Employment in Northern Ireland has dipped for first time in four years, a business barometer shows, adding to the sense that the private sector is battening down the hatches as it tries to limit overheads before April’s increase in employer national insurance contributions.
But the latest Ulster Bank regional growth tracker (previously known as the PMI) revealed that business confidence regained some ground in February, with manufacturers particularly bullish in the outlook.
And that mirrors some of the findings in separate analysis from Danske Bank, which showed that consumer confidence edged up in the fourth quarter of 2024 as people feeling more optimistic about their current and future finances.
The Ulster Bank growth tracker signalled ongoing reductions in business activity locally, where a fall in staffing levels came after a prolonged period of job creation.

Firms scaled back their workforce numbers for the first time since 2021, in part due to efforts to limit overheads.
The headline Business Activity Index, which measures the month-on-month change in the combined output of the local private sector, read 44.9 in February, a touch lower than the reading of 45 in January and below the 50 no-change mark for the third month running.
Three of the four categories covered by the report saw activity decrease in February. The sharpest contractions were in construction and retail, while services activity fell for the first time in 16 months. But manufacturing production continued to expand.
NatWest chief economist Sebastian Burnside said: “Both input costs and output prices rose at the sharpest rates in almost two years, with costs up more quickly in Northern Ireland than anywhere else in the UK.
“The overall downturn continued to be driven by the construction and retail categories, but there were signs of emerging weakness in services as well.”
Meanwhile Danske Bank’s quarterly consumer confidence index rose by four points to 132 between last October and December as people also reported improved expectations of spending on high-value products.
It said optimism over the region’s political stability and the lower rate of inflation also contributed to the brighter outlook.
Its analysis showed sentiment increased by 18 points over the course of the year, reflecting consumer resilience in the face of underlying challenges, including the lingering impact of higher prices and higher interest rates.
Confidence was around 9% above the survey’s long-term average, with a notable boost coming from the improvement in sentiment regarding current finances, which reached a three-year high in the final quarter of 2024.

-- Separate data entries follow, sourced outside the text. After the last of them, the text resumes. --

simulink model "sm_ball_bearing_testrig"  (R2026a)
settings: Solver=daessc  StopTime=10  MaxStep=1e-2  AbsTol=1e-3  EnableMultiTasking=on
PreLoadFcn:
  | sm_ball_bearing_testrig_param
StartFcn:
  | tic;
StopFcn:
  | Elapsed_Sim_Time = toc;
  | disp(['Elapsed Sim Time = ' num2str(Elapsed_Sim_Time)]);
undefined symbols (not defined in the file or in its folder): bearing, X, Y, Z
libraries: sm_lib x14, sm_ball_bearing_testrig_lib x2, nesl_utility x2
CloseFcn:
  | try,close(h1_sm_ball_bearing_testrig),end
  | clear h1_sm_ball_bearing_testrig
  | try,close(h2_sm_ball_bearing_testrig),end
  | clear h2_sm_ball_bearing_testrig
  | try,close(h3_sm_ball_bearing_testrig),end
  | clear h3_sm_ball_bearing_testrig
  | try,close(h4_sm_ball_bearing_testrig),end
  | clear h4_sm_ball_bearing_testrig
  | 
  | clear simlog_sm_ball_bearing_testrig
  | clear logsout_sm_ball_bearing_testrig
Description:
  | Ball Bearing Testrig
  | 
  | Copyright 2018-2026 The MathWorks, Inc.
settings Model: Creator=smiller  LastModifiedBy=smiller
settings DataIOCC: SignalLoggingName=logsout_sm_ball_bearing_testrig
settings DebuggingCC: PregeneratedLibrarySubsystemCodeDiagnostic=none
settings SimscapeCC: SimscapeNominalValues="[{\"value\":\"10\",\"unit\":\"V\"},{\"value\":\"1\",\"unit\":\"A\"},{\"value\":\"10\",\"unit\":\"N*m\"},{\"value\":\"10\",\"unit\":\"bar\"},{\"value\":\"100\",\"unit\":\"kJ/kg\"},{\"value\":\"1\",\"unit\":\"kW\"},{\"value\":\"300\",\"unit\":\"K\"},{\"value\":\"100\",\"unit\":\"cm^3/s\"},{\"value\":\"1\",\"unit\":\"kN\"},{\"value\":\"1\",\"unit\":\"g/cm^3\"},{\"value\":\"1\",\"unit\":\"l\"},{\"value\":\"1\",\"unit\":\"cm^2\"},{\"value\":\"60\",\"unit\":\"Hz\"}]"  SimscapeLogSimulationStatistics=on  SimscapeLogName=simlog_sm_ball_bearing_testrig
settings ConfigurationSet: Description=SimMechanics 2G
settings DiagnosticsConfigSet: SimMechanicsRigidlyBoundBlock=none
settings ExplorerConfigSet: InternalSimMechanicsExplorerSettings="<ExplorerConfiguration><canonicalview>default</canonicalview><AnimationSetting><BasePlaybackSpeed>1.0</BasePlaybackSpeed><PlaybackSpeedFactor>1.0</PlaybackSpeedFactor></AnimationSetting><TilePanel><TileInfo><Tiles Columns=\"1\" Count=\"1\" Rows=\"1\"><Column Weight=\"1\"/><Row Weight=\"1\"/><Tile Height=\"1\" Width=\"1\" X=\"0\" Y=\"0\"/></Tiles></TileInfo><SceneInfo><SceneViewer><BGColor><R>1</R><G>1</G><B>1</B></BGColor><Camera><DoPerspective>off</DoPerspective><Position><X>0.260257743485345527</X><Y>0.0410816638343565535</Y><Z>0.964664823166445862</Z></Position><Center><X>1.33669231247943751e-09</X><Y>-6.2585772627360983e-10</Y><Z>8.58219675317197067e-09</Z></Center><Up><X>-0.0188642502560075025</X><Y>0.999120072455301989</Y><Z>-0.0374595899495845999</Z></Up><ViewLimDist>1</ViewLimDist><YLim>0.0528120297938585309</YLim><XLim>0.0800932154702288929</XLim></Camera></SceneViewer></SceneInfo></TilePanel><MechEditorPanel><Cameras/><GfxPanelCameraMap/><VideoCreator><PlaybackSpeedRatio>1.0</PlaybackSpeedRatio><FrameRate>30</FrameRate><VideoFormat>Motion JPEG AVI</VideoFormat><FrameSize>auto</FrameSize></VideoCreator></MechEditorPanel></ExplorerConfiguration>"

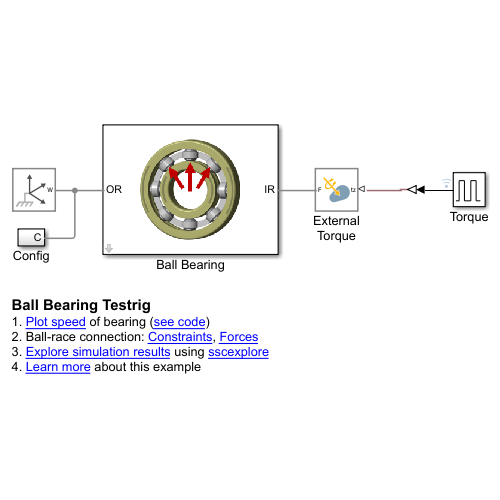
[thumbnail: Simulink's stored preview of the top-level diagram]
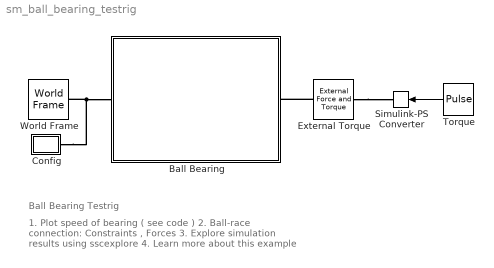
== system sm_ball_bearing_testrig ==
  note: Ball Bearing Testrig
  note: 1. Plot speed of bearing ( see code )
      | 2. Ball-race connection: Constraints , Forces
      | 3. Explore simulation results using sscexplore
      | 4. Learn more about this example
  Ball Bearing : Subsystem  Tag=PublishSubsystem  mask{bearing_or_xc=bearing.outer_race.xc, bearing_or_rho=bearing.outer_race.rho, bearing_or_clr=bearing.outer_race.clr, bearing_or_opc=bearing.outer_race.opc, bearing_or_mark_clr=bearing.outer_race.mark_clr, bearing_or_mark_opc=bearing.outer_race.mark_opc, bearing_or_mark_xc=bearing.outer_race.mark_xc, bearing_ir_xc=bearing.inner_race.xc, bearing_ir_rho=bearing.inner_race.rho, bearing_ir_clr=bearing.inner_race.clr, bearing_ir_opc=bearing.inner_race.opc, bearing_ir_mark_clr=bearing.inner_race.mark_clr, bearing_ir_mark_opc=bearing.inner_race.mark_opc, bearing_ir_mark_xc=bearing.inner_race.mark_xc, bearing_ball_rad=bearing.ball.rad, bearing_ball_rho=bearing.ball.rho, bearing_ball_cage_b=bearing.ball.cage_b, bearing_ball_clr=bearing.ball.clr, bearing_ball_opc=bearing.ball.opc, bearing_ball_mark_clr=bearing.ball.mark.clr, bearing_ball_mark_opc=bearing.ball.mark.opc, bearing_cage_loop_xc=bearing.cage.loop_xc, bearing_cage_web_xc=bearing.cage.web_xc, bearing_cage_web_thk=bearing.cage.thk, bearing_cage_rad_ctr=bearing.cage.web.centerrad, bearing_cage_rho=bearing.cage.rho, bearing_cage_clr=bearing.cage.clr, bearing_cage_opc=bearing.cage.opc, popup_constraints=Forces, bearing_ball_k=bearing.ball.k, bearing_ball_preload=bearing.ball.preload, bearing_ball_b=bearing.ball.b, bearing_ball_muk=bearing.ball.muk, bearing_ball_mus=bearing.ball.mus, bearing_ball_vth=bearing.ball.vth}
      mask prompts: bearing_or_xc "Cross Section in position [x y] (m)"; bearing_or_rho "Density (kg/m^3)"; bearing_or_clr "Color [R G B]"; bearing_or_opc "Opacity (0-1)"; bearing_or_mark_clr "Marking Color"; bearing_or_mark_opc "Marking Opacity (0-1)"; bearing_or_mark_xc "Marking Cross Section [x y] (m)"; bearing_ir_xc "Cross Section in position [x y] (m)"; bearing_ir_rho "Density (kg/m^3)"; bearing_ir_clr "Color [R G B]"; bearing_ir_opc "Opacity (0-1)"; bearing_ir_mark_clr "Marking Color"; bearing_ir_mark_opc "Marking Opacity (0-1)"; bearing_ir_mark_xc "Marking Cross Section [x y] (m)"; bearing_ball_rad "Radius (m)"; bearing_ball_rho "Density (kg/m^3)"; bearing_ball_cage_b "Ball-Cage Viscous Friction (N*m/(deg/s))"; bearing_ball_clr "Color [R G B]"; bearing_ball_opc "Opacity (0-1)"; bearing_ball_mark_clr "Marking Color [R G B]"; bearing_ball_mark_opc "Marking Opacity (0-1)"; bearing_cage_loop_xc "Cross Section for Loop [x y] (m)"; bearing_cage_web_xc "Cross Section for Web [x y] (m)"; bearing_cage_web_thk "Thickness of Web (m)"; bearing_cage_rad_ctr "Radius of Web Centerline (m)"; bearing_cage_rho "Density (kg/m^3)"; bearing_cage_clr "Color [RGB]"; bearing_cage_opc "Opacity"; popup_constraints "Connection"; bearing_ball_k "Stiffness (N/m)"; bearing_ball_preload "Preload Force Per Ball (N)"; bearing_ball_b "Damping (N/(m/s))"; bearing_ball_muk "Coefficient of Kinetic Friction"; bearing_ball_mus "Coefficient of Static Friction"; bearing_ball_vth "Velocity Threshold (m/s)"
      mask init:
      | if strcmp(get_param(gcb,'popup_constraints'),'Constraints')
      |     set_param([gcb '/Constrain Inner Outer'],'OverrideUsingVariant','Revolute');
      |     set_param([gcb '/Cage'],'OverrideUsingVariant','Constraints');
      | elseif strcmp(get_param(gcb,'popup_constraints'),'Forces')
      |     set_param([gcb '/Constrain Inner Outer'],'OverrideUsingVariant','Planar');
      |     set_param([gcb '/Cage'],'OverrideUsingVariant','Forces');
      | end
      mask TypeOptions popup_constraints: Constraints | Forces
      mask Callback popup_constraints:
      | maskObj = Simulink.Mask.get(gcb);
      | grf_h = maskObj.getDialogControl('group_frc');
      | if strcmp(get_param(gcb,'popup_constraints'),'Constraints')
      |     grf_h.Visible = 'off';
      | else
      |     grf_h.Visible = 'on';
      | end
      | clear maskObj grf_h
      mask DialogControl cont_or Prompt: Outer Race
      mask DialogControl cont_ir Prompt: Inner Race
      mask DialogControl cont_ball Prompt: Balls
      mask DialogControl cont_cage Prompt: Cage
      mask DialogControl cont_forces Prompt: Constraints
      mask Display:
      | if(strcmp(get_param(gcb,'popup_constraints'),'Constraints'))
      |     image('sm_ball_bearing_testrig_bearing_IMAGE.png')
      | else
      |     image('sm_ball_bearing_testrig_bearing_forces_IMAGE.png')
      | end
  Config : Subsystem
  External Torque : sm_lib/Forces and Torques/External Force and Torque  EnableForceX=off  EnableForceY=off  EnableForceZ=off  EnableForce=off  ForceResolutionFrame=AttachedFrame  EnableTorqueX=off  EnableTorqueY=off  EnableTorqueZ=on  EnableTorque=off  TorqueResolutionFrame=AttachedFrame
  Simulink-PS Converter : nesl_utility/Simulink-PS Converter  PhysicalDomain=network_engine_domain  SubClassName=ps_input  LeftPortType=input  RightPortType=output  PseudoPeriodic=off  Frequencies=[]  NoiseDistribution=none  NoiseParameters=[]  Unit=1  AffineConversion=off  FilteringAndDerivatives=provide  SimscapeFilterOrder=1  InputFilterTimeConstant=0.005  UdotUserProvided=0
  Torque : DiscretePulseGenerator  PulseType=Time based  Amplitude=-1e-3  Period=20  PulseWidth=5  PhaseDelay=1
  World Frame : sm_lib/Frames and Transforms/World Frame
  wires:
  Torque/1 -> Simulink-PS Converter/1
  connections:
  Config/RConn1 -- World Frame/RConn1 -- Ball Bearing/LConn1
  External Torque/LConn1 -- Simulink-PS Converter/RConn1
  External Torque/RConn1 -- Ball Bearing/RConn1

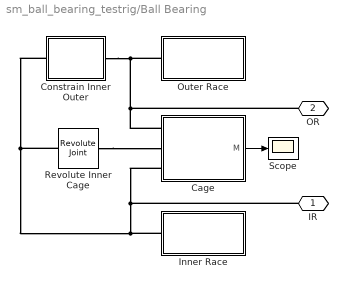
== system sm_ball_bearing_testrig/Ball Bearing ==
  Cage : Subsystem  Variant=on  VariantControlMode=label  VariantControl=Variant1  LabelModeActiveChoice=Forces
      mask Display:
      | blk = CFL_activeVariantBlock(gcb);
      | eval(get_param(blk, 'MaskDisplay'));
  Constrain Inner Outer : Subsystem  Variant=on  VariantControlMode=label  VariantControl=Variant1  LabelModeActiveChoice=Planar
      mask Display:
      | blk = CFL_activeVariantBlock(gcb);
      | eval(get_param(blk, 'MaskDisplay'));
  Inner Race : Subsystem  mask{ir_xc=bearing_ir_xc, ir_rho=bearing_ir_rho, ir_clr=bearing_ir_clr, ir_opc=bearing_ir_opc, ir_mark_clr=bearing_ir_mark_clr, ir_mark_opc=bearing_ir_mark_opc, ir_mark_xc=bearing_ir_mark_xc}
      mask prompts: ir_xc "Cross Section [x y] (m)"; ir_rho "Density (kg/m^3)"; ir_clr "Color [R G B]"; ir_opc "Opacity (0-1)"; ir_mark_clr "Marking Color"; ir_mark_opc "Marking Opacity (0-1)"; ir_mark_xc "Marking Cross Section [x y] (m)"
      mask DialogControl cont_ir Prompt: Inner Race
      mask Display: image('sm_ball_bearing_testrig_inner_race_IMAGE.png');
  Outer Race : Subsystem  Tag=PublishSubsystem  mask{or_xc=bearing_or_xc, or_rho=bearing_or_rho, or_clr=bearing_or_clr, or_opc=bearing_or_opc, or_mark_clr=bearing_or_mark_clr, or_mark_opc=bearing_or_mark_opc, or_mark_xc=bearing_or_mark_xc}
      mask prompts: or_xc "Cross Section [x y] (m)"; or_rho "Density (kg/m^3)"; or_clr "Color [R G B]"; or_opc "Opacity (0-1)"; or_mark_clr "Marking Color"; or_mark_opc "Marking Opacity (0-1)"; or_mark_xc "Marking Cross Section [x y] (m)"
      mask DialogControl cont_or Prompt: Outer Race
      mask Display: image('sm_ball_bearing_testrig_outer_race_IMAGE.png');
  Revolute Inner Cage : sm_lib/Joints/Revolute Joint  JointMode=Normal  CompositeWrenchDir=FollowerOnBase  CompositeWrenchFrame=BaseFrame  SenseConstraintForce=off  SenseConstraintTorque=off  SenseTotalForce=off  SenseTotalTorque=off  PositionTargetSpecify=off  PositionTargetPriority=High  PositionTargetValue=0  PositionTargetValueUnits=deg  VelocityTargetSpecify=off  VelocityTargetPriority=High  VelocityTargetValue=0  VelocityTargetValueUnits=deg/s  EquilibriumPosition=0  EquilibriumPositionUnits=deg  SpringStiffness=0  SpringStiffnessUnits=N*m/deg  DampingCoefficient=0  DampingCoefficientUnits=N*m/(deg/s)  LowerLimitSpecify=off  LowerLimitBound=-90  LowerLimitBoundUnits=deg  LowerLimitStiffness=1e4  LowerLimitStiffnessUnits=N*m/deg  LowerLimitDamping=10  LowerLimitDampingUnits=N*m/(deg/s)  LowerLimitTransitionRegionWidth=0.1  LowerLimitTransitionRegionWidthUnits=deg  UpperLimitSpecify=off  UpperLimitBound=90  UpperLimitBoundUnits=deg  UpperLimitStiffness=1e4  UpperLimitStiffnessUnits=N*m/deg  UpperLimitDamping=10  UpperLimitDampingUnits=N*m/(deg/s)  UpperLimitTransitionRegionWidth=0.1  UpperLimitTransitionRegionWidthUnits=deg  TorqueActuationMode=NoTorque  MotionActuationMode=ComputedMotion  SensePosition=off  SenseVelocity=off  SenseAcceleration=off  SenseTorqueForce=off  SenseLowerLimitTorqueForce=off  SenseUpperLimitTorqueForce=off
  Scope : Scope
      settings: ActiveDisplayYMinimum=4.08783  ActiveDisplayYMaximum=5.959
  IR : PMIOPort  Side=Right
  OR : PMIOPort  Port=2  Side=Left
  wires:
  Cage/1(M) -> Scope/1
  connections:
  Constrain Inner Outer/RConn1 -- OR/RConn1 -- Cage/LConn1 -- Outer Race/LConn1
  Inner Race/LConn1 -- Revolute Inner Cage/LConn1 -- Constrain Inner Outer/LConn1 -- IR/RConn1 -- Cage/LConn3
  Revolute Inner Cage/RConn1 -- Cage/LConn2

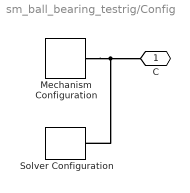
== system sm_ball_bearing_testrig/Config ==
  Mechanism Configuration : sm_lib/Utilities/Mechanism Configuration  UniformGravity=Constant  GravityVector=[0 -9.80665 0]  GravityVectorUnits=m/s^2  LinearizationDelta=0.001  JointModeTransitionNonlinearIterations=2
  Solver Configuration : nesl_utility/Solver Configuration  PhysicalDomain=network_engine_domain  SubClassName=solver  LeftPortType=input  RightPortType=generic  Tones=[]  Harmonics=[]  SimulateNoise=off  Profile=off  UseLocalSampling=off  EnableSwitchedLinearOptims=on  FrequencyDomain=off  UseCCode=off  RelTol=0.001  AbsTol=1e-06  MinStep=1e-09  ToWorkspace=off  RevertToSquareIcSolve=off  NumHomotopyIterations=100  PhasorMode=off  PhasorModeNumHarmonics=1  ConsistencySolver=NEWTON_FTOL  CanonicalOrdering=UNORDERED  OptimizeIntermediates=UNOPTIMIZED  IndexReductionMethod=DerivativeReplacement  DoDC=off  ResidualTolerance=1e-09  ConsistencyTolSource=GLOBAL  ConsistencyAbsTol=0.001  ConsistencyRelTol=0.001  ConsistencyTolFactor=0.001  UseLocalSolver=off  LocalSolverChoice=NE_BACKWARD_EULER_ADVANCER  ResolveIndetEquations=on  FunctionEvalNumThread=1  LocalSolverSampleTime=0.001  DoFixedCost=off  MaxNonlinIter=3  MaxModeIter=2  ComputeImpulses=off  ImpulseIterations=2  LinearAlgebra=Sparse  LinearAlgebraNumThread=0  EquationFormulation=NE_TIME_EF  DelaysMemoryBudget=1024  AutomaticFiltering=on  FilteringTimeConstant=0.001  PartitionStorageMethod=AS_NEEDED  PartitionMemoryBudget=1024  PartitionMethod=FAST  MultibodyUseLocalSolver=off  MultibodyLocalSolverChoice=ODE1  MultibodyLocalSolverSampleTime=0.001
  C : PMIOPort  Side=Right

Danske Bank economist Hannah Martin said: “Consumer confidence rose at the end of 2024 following the loss of momentum in quarter three, as people felt more positive about their current and future finances.
“Most of the 1,000 survey respondents reported that they expected to spend the same amount, or more, on higher value-items such as furniture or holidays over the coming year, with lower inflation and rising wages both adding to their spending power.”